[Records drawn from a dataset]

════

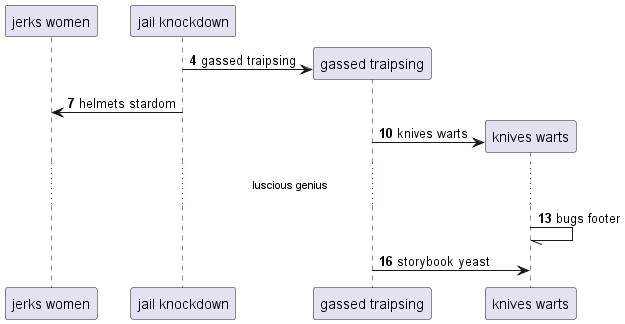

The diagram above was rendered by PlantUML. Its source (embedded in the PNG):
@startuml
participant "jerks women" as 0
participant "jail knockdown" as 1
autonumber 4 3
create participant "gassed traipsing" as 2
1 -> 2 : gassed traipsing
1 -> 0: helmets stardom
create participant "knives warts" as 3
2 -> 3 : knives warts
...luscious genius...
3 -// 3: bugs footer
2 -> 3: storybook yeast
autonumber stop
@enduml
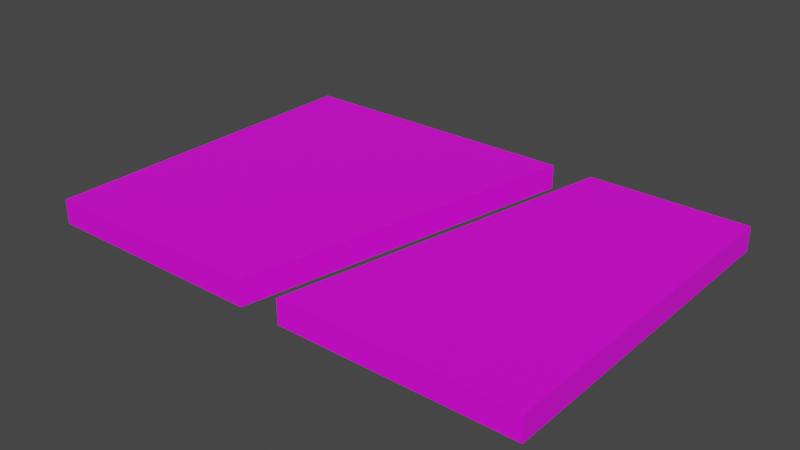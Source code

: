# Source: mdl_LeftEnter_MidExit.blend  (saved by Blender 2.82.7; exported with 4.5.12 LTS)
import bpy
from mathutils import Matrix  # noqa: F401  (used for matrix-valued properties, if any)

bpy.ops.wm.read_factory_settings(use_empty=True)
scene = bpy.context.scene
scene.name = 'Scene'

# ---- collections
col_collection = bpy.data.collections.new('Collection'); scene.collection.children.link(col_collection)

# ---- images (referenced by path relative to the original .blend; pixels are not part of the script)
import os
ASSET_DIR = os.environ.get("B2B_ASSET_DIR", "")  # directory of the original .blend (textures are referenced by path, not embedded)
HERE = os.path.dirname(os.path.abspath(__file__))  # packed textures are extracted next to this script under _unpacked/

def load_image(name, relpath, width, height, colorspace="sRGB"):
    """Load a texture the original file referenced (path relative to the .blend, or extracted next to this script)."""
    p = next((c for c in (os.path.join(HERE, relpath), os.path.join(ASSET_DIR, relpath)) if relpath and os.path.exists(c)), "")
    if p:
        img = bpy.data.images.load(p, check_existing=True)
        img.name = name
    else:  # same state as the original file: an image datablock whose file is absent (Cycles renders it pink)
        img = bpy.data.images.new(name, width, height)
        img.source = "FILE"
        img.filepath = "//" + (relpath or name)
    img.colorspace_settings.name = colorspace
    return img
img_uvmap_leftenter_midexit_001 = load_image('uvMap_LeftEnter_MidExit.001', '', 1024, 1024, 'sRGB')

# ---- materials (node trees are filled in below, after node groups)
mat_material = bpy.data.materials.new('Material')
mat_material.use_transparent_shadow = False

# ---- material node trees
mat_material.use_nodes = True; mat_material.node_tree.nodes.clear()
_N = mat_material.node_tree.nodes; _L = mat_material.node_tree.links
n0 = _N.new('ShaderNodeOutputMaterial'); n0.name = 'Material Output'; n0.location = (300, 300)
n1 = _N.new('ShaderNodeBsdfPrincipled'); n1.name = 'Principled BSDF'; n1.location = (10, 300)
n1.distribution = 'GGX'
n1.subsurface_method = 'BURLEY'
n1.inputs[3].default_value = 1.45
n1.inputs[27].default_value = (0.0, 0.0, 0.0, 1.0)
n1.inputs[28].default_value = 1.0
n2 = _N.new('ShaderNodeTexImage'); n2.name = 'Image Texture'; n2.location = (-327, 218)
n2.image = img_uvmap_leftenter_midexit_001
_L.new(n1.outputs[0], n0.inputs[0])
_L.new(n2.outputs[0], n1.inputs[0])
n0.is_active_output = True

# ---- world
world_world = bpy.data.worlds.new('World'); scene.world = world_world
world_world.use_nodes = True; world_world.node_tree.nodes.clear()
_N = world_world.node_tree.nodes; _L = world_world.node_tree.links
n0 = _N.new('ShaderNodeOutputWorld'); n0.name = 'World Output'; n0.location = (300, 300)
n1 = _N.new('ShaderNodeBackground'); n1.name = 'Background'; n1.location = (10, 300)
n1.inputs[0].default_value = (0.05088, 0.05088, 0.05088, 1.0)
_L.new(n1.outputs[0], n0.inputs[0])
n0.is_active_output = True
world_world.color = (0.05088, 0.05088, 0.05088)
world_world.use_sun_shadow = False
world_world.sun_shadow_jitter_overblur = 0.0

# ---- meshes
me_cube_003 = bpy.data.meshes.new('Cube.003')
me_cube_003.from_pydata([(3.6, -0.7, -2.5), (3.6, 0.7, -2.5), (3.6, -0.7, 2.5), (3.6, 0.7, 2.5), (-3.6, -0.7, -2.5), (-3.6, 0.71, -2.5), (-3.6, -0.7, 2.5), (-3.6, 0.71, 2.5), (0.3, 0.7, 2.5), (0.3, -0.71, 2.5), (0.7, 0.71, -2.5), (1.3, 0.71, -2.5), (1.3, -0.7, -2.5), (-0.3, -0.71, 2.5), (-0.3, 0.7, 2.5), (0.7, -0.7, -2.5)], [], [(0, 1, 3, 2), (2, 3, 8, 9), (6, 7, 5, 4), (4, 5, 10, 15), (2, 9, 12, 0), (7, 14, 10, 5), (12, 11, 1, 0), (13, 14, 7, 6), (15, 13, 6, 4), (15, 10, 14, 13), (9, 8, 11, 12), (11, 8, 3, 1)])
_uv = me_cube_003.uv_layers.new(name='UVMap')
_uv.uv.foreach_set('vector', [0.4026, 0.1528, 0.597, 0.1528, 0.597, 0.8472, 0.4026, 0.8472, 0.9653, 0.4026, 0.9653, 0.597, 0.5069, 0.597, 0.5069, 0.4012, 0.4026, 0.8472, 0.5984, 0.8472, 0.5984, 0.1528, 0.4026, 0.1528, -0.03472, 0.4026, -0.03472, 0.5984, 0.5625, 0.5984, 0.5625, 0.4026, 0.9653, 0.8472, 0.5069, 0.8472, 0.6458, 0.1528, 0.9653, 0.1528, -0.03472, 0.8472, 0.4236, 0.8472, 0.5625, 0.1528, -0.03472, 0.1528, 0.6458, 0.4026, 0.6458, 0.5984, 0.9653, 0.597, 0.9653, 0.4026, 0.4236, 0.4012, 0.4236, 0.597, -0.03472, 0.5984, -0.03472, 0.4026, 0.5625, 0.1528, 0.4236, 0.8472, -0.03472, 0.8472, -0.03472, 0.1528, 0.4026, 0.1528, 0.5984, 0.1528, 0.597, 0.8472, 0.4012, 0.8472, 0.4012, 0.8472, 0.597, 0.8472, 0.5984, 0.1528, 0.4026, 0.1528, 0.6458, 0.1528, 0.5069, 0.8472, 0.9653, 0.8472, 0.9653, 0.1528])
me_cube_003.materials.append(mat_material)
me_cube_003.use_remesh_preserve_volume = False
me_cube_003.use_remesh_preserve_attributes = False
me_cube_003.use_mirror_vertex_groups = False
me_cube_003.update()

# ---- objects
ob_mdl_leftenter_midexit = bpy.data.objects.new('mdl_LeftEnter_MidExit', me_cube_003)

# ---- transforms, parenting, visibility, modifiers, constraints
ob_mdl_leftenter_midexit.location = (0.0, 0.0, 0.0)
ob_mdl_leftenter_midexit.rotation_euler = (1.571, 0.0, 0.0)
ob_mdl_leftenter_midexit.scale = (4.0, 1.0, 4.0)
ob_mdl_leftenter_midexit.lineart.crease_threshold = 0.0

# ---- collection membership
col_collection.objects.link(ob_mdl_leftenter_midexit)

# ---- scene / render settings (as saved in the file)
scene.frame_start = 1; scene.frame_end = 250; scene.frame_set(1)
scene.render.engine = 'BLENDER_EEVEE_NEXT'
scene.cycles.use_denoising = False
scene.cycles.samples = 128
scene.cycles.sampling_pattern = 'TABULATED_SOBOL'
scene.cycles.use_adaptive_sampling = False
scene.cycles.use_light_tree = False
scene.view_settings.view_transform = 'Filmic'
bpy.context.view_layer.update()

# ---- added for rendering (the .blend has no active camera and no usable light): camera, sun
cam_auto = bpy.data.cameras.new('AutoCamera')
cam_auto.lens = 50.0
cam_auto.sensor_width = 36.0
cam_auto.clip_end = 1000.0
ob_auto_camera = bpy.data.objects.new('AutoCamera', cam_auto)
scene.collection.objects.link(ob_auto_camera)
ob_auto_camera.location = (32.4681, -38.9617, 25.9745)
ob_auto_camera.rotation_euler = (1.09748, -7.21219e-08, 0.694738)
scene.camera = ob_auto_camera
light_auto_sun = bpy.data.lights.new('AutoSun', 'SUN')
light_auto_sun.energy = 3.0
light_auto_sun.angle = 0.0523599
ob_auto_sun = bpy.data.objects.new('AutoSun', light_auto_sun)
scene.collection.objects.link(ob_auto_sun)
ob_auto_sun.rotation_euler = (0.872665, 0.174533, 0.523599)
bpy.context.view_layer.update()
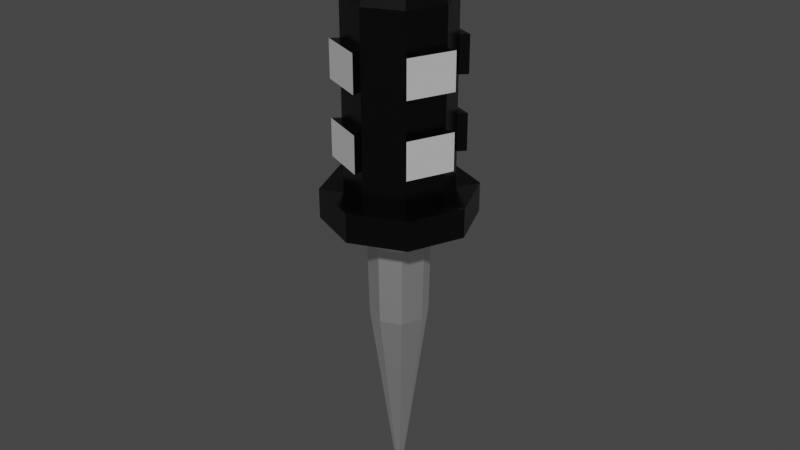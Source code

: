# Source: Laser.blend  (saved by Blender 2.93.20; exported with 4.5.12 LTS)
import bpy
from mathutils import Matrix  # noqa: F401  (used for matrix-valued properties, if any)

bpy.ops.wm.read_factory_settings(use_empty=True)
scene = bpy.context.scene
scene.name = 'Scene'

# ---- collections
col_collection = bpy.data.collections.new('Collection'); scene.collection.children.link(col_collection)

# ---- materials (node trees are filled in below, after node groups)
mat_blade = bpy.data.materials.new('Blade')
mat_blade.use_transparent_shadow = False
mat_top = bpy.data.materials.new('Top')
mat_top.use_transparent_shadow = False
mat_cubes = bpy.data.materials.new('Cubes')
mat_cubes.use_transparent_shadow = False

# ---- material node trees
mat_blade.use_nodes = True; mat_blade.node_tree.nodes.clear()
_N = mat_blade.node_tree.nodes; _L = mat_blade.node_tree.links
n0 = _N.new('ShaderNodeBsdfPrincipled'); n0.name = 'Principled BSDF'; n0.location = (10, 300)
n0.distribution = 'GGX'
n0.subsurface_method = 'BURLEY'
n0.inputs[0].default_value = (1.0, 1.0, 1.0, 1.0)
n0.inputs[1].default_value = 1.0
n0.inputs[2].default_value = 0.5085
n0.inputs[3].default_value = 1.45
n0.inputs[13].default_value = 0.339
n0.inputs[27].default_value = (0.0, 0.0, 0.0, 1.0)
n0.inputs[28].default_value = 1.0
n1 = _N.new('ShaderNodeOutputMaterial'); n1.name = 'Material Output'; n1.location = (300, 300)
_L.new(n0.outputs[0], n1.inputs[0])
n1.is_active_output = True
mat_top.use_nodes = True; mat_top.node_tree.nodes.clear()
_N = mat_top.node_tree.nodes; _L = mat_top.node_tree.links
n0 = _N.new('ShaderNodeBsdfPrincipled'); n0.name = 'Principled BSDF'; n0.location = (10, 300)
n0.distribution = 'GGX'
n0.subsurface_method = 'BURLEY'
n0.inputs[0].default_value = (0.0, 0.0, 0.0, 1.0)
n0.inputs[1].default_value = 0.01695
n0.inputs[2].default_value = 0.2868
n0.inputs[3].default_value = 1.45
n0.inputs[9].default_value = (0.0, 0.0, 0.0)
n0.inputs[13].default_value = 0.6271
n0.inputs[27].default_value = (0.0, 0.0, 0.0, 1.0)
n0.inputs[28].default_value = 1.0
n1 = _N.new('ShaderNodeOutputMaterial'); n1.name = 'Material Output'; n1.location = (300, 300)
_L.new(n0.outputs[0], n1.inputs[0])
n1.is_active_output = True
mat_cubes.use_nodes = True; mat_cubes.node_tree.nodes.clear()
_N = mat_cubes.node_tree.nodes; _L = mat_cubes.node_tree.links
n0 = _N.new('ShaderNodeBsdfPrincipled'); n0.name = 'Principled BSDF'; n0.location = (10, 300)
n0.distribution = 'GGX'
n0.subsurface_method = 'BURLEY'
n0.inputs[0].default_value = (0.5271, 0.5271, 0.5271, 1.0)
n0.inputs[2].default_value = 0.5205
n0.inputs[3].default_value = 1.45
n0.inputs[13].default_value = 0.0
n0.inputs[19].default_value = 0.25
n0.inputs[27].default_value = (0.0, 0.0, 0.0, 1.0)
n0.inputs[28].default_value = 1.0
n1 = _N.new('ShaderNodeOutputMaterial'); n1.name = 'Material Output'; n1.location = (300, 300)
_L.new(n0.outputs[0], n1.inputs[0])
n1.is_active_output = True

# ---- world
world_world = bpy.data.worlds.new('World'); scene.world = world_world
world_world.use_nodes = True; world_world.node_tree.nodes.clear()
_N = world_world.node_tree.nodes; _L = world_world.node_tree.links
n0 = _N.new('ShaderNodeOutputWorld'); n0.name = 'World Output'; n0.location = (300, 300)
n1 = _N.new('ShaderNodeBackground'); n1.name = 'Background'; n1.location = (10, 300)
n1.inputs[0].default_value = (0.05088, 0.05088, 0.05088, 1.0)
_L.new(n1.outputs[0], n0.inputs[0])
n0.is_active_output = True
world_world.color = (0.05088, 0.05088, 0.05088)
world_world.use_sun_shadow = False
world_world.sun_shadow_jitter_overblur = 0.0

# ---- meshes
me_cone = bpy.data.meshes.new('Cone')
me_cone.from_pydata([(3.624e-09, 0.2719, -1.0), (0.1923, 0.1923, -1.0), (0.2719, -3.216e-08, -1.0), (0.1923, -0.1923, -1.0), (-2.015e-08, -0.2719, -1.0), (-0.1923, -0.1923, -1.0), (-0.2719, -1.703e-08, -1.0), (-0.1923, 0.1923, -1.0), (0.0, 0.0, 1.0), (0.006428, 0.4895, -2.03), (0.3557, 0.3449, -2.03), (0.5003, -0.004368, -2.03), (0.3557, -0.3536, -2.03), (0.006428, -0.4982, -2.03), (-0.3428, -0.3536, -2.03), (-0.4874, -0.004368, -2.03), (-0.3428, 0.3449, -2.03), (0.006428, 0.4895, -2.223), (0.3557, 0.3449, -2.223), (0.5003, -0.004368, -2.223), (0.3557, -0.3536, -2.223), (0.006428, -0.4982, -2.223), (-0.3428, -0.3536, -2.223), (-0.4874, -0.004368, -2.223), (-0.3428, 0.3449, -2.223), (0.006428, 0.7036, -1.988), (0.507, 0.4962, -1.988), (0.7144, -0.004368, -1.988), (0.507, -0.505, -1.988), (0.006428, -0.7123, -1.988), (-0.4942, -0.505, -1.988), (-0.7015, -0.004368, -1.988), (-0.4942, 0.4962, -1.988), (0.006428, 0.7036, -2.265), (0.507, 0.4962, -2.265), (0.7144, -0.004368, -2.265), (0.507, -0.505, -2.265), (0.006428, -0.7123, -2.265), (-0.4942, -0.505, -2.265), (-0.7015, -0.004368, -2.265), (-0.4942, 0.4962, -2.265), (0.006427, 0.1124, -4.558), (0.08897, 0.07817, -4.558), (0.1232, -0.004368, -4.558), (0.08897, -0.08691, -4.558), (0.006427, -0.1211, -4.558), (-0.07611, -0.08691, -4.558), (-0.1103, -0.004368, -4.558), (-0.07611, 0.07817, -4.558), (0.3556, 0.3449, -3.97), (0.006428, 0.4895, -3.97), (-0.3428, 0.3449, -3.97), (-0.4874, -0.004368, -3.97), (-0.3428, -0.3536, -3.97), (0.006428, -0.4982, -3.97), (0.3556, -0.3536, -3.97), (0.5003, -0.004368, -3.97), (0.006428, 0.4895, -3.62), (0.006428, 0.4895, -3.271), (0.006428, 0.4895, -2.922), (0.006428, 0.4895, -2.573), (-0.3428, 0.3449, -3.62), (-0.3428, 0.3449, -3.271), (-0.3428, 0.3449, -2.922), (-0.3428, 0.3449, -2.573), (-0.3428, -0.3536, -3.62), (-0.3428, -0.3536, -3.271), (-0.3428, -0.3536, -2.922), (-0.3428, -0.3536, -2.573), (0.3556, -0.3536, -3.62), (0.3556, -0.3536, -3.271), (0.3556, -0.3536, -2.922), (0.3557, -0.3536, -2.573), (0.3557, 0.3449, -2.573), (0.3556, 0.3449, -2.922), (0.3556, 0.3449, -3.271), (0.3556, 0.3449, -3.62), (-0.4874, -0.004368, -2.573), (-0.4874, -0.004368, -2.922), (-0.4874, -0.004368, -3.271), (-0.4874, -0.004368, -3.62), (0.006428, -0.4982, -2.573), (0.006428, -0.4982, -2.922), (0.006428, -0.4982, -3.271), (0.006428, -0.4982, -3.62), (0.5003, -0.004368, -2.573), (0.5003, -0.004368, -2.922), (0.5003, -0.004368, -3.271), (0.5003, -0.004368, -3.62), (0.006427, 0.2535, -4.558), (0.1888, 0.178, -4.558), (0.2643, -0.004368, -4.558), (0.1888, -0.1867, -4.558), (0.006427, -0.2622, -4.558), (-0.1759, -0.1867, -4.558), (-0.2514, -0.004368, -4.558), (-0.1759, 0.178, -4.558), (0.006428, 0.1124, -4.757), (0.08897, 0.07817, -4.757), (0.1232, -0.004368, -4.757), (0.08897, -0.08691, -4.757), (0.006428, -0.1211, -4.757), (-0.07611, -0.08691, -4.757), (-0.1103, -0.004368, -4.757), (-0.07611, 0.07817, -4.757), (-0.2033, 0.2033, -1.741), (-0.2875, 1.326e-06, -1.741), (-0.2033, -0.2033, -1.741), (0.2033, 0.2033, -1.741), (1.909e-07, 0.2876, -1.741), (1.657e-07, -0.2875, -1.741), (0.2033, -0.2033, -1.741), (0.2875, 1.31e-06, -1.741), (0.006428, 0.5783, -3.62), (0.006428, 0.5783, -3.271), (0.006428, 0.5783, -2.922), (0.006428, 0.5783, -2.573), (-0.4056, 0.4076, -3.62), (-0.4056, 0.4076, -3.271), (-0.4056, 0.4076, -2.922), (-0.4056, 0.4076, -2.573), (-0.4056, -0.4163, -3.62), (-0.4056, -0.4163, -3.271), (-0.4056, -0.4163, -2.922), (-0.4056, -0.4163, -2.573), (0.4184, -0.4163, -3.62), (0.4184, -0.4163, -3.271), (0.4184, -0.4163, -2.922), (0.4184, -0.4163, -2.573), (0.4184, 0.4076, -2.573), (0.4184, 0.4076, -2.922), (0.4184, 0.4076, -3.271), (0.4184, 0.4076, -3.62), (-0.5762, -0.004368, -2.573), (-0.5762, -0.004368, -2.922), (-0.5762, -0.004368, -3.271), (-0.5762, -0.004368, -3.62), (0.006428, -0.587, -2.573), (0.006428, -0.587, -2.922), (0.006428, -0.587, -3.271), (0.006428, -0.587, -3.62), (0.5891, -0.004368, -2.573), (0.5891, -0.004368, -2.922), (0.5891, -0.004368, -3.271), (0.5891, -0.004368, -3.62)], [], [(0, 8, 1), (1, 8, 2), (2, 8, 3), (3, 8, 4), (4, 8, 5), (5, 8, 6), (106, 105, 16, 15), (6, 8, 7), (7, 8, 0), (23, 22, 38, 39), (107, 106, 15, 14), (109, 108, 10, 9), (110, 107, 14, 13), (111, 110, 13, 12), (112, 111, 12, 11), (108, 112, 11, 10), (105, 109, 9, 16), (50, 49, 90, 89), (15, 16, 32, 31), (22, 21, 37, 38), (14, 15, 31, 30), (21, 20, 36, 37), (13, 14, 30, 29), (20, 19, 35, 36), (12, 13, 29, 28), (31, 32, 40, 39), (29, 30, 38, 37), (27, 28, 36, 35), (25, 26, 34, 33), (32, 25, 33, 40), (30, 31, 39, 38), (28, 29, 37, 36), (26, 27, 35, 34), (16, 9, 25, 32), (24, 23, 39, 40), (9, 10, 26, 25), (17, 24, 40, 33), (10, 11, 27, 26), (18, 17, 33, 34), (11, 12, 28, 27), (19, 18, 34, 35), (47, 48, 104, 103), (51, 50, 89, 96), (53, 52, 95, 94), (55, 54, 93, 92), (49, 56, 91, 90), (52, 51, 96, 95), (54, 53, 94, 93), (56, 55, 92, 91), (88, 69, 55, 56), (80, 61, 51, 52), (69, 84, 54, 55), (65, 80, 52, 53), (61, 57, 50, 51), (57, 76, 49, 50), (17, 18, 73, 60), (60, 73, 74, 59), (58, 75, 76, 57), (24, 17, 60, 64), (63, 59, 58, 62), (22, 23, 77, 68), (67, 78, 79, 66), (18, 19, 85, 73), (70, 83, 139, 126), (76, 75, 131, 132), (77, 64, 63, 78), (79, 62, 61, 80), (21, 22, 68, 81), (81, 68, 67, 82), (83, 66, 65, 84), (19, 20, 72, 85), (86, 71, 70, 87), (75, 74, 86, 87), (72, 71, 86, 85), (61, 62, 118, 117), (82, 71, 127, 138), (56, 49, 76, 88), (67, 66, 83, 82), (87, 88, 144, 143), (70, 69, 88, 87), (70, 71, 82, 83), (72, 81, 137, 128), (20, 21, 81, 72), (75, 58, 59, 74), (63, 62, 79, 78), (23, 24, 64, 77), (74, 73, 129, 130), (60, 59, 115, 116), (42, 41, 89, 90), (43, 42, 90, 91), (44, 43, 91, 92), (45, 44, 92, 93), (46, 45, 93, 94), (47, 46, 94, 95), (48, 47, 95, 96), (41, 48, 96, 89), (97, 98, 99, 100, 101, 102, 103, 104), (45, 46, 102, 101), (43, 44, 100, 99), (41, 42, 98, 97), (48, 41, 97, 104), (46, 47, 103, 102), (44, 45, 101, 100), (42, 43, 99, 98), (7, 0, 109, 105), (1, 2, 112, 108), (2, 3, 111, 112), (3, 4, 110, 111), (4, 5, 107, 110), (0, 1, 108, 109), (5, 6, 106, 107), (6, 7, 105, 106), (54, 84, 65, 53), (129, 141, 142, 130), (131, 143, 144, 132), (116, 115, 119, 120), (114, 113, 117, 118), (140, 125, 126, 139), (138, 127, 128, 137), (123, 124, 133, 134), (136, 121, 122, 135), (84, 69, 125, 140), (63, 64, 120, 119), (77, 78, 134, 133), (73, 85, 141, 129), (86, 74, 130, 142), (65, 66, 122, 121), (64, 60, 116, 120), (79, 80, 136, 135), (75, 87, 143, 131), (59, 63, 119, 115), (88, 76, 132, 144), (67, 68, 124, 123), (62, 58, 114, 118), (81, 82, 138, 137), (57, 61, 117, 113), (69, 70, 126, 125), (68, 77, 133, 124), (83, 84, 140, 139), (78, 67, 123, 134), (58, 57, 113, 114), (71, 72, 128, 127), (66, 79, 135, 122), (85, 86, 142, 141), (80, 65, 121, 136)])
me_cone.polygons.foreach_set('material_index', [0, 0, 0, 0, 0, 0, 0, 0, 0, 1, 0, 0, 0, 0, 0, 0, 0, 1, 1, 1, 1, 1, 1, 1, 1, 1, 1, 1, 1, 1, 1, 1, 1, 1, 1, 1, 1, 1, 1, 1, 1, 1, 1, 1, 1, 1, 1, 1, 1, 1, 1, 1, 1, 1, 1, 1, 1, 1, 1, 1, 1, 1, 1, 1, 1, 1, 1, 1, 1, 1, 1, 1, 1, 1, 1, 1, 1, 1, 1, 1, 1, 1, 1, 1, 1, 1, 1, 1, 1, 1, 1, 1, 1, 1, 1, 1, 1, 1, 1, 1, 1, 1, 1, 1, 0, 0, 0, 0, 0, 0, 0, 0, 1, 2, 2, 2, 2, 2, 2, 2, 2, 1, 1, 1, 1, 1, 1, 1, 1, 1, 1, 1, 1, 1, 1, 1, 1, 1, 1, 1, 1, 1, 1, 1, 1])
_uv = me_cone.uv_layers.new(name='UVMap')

════

» YOUR GOAL:
Leave the pictures out, and restate exactly the lines from the start of the records through the one that contains "1 -> 2 : gassed traipsing".

» RESPONSE:
The diagram above was rendered by PlantUML. Its source (embedded in the PNG):
@startuml
participant "jerks women" as 0
participant "jail knockdown" as 1
autonumber 4 3
create participant "gassed traipsing" as 2
1 -> 2 : gassed traipsing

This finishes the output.